Eggs – Older people who suffer from Vitamin D deficiency show faster rates of cognative decline than people with satisfactory levels of Vitamin D (according to a new research from the University of Califoria Davis Alzheimer’s Disease Center at Rutgers University) The good news is that you and your child can get your daily dose of D in eggs! Be sure you eat the yolks, that is where the brain-protective nutrients are located. Breakfast, lunch or dinner. Hard-boiled, scrambled, deviled, or sunny side up, the texture of eggs changes depending on how you cook it. Experiment to find out how your child favors his but if he is reluctant to eat eggs however you present them, here are some sneakier ways to pass the egg.
~Pasta carbonara (using whatever veggies, cheese and meat your child likes)
~Crack one in his soup and stir it.
~Chop a hard boiled egg into whatever food they already like; mac and cheese, rice, quesadilla, guacamole.
`Egg sandwich (try scrambled, fried / hard boiled)
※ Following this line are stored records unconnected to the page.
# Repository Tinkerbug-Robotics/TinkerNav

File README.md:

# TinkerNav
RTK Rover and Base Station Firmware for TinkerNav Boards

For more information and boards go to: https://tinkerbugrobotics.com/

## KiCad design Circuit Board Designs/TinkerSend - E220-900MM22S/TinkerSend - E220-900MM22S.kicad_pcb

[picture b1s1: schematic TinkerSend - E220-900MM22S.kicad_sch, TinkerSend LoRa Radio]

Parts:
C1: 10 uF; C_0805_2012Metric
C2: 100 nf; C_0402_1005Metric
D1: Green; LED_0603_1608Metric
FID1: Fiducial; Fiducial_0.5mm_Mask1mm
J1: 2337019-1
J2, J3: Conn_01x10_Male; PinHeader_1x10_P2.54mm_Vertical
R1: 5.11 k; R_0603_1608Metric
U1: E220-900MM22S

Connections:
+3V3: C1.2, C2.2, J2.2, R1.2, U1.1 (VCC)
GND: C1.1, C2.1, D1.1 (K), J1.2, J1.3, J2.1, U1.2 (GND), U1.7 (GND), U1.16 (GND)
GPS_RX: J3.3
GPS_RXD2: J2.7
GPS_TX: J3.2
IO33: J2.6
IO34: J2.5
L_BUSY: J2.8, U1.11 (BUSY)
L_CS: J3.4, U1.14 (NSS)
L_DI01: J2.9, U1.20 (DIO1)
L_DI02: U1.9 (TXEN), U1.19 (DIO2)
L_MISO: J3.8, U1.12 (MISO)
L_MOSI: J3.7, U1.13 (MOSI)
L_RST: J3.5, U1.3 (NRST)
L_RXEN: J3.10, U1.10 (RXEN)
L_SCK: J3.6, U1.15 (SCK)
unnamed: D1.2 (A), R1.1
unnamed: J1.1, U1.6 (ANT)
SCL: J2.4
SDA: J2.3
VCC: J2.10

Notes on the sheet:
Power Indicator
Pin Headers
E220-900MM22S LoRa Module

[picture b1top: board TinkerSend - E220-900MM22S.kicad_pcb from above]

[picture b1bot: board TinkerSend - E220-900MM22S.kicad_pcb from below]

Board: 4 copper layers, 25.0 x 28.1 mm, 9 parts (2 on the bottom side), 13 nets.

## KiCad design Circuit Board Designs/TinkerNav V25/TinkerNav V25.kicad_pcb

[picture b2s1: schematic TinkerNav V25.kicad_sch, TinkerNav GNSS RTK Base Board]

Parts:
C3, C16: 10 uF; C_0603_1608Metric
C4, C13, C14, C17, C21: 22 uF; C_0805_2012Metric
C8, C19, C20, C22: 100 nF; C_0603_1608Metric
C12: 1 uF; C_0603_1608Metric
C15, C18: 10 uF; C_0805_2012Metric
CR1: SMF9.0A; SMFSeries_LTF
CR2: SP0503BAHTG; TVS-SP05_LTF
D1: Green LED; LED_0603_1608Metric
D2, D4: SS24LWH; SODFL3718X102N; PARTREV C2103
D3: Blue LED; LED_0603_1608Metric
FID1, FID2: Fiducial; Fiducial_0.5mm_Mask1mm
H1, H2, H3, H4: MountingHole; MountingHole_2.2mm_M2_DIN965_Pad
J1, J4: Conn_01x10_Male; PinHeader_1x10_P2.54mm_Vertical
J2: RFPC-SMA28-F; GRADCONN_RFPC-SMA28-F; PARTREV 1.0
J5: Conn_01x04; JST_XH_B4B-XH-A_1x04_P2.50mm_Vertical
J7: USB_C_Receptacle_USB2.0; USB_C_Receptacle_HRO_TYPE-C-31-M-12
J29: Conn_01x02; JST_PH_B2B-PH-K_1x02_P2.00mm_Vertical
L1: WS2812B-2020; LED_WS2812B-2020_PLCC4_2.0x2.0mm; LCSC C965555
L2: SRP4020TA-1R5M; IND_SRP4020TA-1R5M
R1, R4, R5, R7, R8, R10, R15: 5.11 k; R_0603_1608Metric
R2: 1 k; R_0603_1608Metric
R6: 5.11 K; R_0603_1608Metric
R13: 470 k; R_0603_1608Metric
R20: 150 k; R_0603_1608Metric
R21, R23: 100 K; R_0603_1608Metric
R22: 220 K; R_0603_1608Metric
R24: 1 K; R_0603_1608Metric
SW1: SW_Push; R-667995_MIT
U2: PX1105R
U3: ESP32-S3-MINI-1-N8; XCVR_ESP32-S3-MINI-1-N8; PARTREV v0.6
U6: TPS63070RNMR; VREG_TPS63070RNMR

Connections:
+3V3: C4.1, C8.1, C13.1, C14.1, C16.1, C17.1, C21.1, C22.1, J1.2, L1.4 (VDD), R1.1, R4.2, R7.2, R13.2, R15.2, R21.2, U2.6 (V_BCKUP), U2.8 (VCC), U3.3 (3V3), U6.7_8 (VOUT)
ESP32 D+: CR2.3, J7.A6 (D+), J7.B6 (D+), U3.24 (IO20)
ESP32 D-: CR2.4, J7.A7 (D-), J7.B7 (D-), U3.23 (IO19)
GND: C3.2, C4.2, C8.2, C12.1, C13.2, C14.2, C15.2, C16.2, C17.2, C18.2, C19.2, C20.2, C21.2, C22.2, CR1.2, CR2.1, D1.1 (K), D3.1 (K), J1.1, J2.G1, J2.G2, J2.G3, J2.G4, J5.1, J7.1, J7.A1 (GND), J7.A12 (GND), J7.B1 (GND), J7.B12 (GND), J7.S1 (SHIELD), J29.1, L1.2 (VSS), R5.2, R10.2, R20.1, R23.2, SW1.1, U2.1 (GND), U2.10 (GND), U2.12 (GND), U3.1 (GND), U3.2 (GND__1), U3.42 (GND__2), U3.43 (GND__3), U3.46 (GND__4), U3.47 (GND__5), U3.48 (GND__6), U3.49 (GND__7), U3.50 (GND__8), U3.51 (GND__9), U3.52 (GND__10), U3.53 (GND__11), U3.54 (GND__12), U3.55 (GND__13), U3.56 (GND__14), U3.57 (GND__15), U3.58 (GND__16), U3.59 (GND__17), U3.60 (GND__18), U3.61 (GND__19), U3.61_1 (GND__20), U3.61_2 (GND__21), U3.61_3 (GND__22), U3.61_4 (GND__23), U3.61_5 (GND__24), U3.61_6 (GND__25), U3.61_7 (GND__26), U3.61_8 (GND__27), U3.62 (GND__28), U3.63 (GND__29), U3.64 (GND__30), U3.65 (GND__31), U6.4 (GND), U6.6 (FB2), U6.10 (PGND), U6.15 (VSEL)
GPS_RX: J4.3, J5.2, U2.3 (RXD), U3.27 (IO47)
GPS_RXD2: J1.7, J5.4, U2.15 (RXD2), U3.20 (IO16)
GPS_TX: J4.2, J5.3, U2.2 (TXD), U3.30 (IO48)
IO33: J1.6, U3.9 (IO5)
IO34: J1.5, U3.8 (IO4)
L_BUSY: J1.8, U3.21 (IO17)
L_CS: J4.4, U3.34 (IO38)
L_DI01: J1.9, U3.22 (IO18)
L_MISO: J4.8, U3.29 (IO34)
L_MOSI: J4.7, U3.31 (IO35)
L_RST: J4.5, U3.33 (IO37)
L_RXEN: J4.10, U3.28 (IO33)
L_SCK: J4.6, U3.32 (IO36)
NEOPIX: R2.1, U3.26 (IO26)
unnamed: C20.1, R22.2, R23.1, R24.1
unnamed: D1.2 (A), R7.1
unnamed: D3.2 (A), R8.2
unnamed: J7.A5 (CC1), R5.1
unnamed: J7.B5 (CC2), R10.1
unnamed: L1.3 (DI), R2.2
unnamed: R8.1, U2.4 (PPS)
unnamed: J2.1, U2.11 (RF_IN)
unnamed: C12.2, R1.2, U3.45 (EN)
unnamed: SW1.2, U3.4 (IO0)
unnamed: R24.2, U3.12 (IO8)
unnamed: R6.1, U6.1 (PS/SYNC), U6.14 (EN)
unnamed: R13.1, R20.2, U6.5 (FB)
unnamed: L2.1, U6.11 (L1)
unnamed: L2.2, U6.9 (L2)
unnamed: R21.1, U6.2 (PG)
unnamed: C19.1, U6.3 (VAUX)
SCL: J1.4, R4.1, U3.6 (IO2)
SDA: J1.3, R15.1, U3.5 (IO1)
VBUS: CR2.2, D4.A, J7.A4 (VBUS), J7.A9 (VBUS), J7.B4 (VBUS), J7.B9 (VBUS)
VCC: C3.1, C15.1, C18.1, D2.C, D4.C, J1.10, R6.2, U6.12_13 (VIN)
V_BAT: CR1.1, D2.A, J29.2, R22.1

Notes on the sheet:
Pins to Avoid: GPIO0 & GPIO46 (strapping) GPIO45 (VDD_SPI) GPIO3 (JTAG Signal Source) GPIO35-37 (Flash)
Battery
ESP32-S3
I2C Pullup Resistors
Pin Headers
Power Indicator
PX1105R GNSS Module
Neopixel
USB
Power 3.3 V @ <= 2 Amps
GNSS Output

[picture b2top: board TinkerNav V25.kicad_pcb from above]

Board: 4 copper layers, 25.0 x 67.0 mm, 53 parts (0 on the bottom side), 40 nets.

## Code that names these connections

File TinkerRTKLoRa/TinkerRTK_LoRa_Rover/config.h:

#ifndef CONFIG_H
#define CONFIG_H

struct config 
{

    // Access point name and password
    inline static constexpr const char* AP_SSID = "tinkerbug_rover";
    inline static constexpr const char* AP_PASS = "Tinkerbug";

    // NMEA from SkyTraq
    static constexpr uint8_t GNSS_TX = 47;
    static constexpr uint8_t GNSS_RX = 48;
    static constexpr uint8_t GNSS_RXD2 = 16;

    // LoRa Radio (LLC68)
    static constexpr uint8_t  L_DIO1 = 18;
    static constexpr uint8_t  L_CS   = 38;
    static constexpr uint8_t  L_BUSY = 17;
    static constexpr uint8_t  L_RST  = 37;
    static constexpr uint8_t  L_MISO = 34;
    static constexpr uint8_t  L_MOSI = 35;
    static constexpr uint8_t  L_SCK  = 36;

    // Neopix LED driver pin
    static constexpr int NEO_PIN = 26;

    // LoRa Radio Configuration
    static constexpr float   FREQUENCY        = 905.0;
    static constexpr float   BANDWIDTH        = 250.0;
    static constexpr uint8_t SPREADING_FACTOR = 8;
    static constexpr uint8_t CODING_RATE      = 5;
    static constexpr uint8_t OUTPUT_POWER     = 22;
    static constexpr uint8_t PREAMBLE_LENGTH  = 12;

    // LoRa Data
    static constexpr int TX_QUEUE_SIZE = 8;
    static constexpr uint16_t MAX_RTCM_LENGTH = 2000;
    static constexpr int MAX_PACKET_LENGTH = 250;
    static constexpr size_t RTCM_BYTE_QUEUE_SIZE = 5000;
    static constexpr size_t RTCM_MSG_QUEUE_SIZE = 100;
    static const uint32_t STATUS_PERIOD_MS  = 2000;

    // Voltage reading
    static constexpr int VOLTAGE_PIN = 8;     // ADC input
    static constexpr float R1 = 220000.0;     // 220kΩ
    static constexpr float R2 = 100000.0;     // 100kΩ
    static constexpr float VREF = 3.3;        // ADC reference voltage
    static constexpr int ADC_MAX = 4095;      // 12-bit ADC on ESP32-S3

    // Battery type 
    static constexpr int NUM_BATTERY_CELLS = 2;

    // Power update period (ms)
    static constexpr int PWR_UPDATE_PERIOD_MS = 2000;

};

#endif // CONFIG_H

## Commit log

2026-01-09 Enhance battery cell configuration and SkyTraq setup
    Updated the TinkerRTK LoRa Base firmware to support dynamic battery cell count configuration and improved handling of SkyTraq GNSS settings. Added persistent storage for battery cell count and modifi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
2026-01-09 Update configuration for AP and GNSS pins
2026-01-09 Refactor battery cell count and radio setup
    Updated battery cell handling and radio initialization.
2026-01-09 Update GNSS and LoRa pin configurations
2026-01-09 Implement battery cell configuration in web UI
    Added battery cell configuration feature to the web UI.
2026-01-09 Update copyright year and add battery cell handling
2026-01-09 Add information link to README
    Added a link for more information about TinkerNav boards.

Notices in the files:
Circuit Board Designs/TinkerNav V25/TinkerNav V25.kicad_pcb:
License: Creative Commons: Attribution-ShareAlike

~Banana pancakes; blend 2 eggs and one ripe banana and pour it on a griddle as if it were pancake batter. Bonus for adding chia or ground flaxseeds, but don’t get greedy and scare them off.
Peanut butter (or even better, almond butter) – Store bought or home made with peanuts and a pinch of salt in a blender, this spread has thiamine and magnesium that enables brain activity but also has a calming affect on the central nervous system helping kids to focus. Try chunky and smooth to see which your child prefers.
~smear it on waffles. Extra credit for adding a banana/ raisin face on the waffle.
~Make nut butter with your child, using whichever nuts she likes. Spanish peanuts work well, roasted or raw, because they have more oil than other peanuts. Whole Foods and other grocery stores sometimes have a machine to grind your own.
~ Spread it on toast. Top with fruit if they like. (apple/banana)
~Add a spoonful to a smoothie or a bowl of oatmeal.
~Straight from the jar with a spoon. They might think that is fun if it’s usually forbidden.
~Peanut butter sandwich. Preferably on whole grain, sprouted bread but that might be pushing too much. If they like jelly, spread peanut butter on both pieces of bread and the jelly in the middle. The peanut butter keeps the jelly from soaking into the bread and making it soggy. Other substitutes for jelly could be banana, honey, Nutella, or marshmallow fluff. Ask your kids what they would like in there. I watched kids put potato chips on the peanut butter and loved it. For a twist put the peanut butter and topping on one slice of bread, cut off the crust, roll the bread tightly and slice it sushi style.
~If your child won’t eat peanut butter but does like peanut butter cup candy, make your own using dark chocolate and don’t add sugar to the peanut butter. There are so many things to make with peanut butter from cookies to protein balls.
“““““““““““““““““““““““““““““““““““““““““““““““Mealtimes should be fun and not a battleground so keep it light in offering food. Offer healthy foods and then don’t stress if they eat the same things over and over. Try not to have less sugary foods in the house. Let them play with their food. That asparagus spear sword fight could lead to tasting it and liking it. Have a utensil free meal to get the kids laughing. Praying before you eat helps everyone start the meal feeling grateful and focused on something bigger than the food.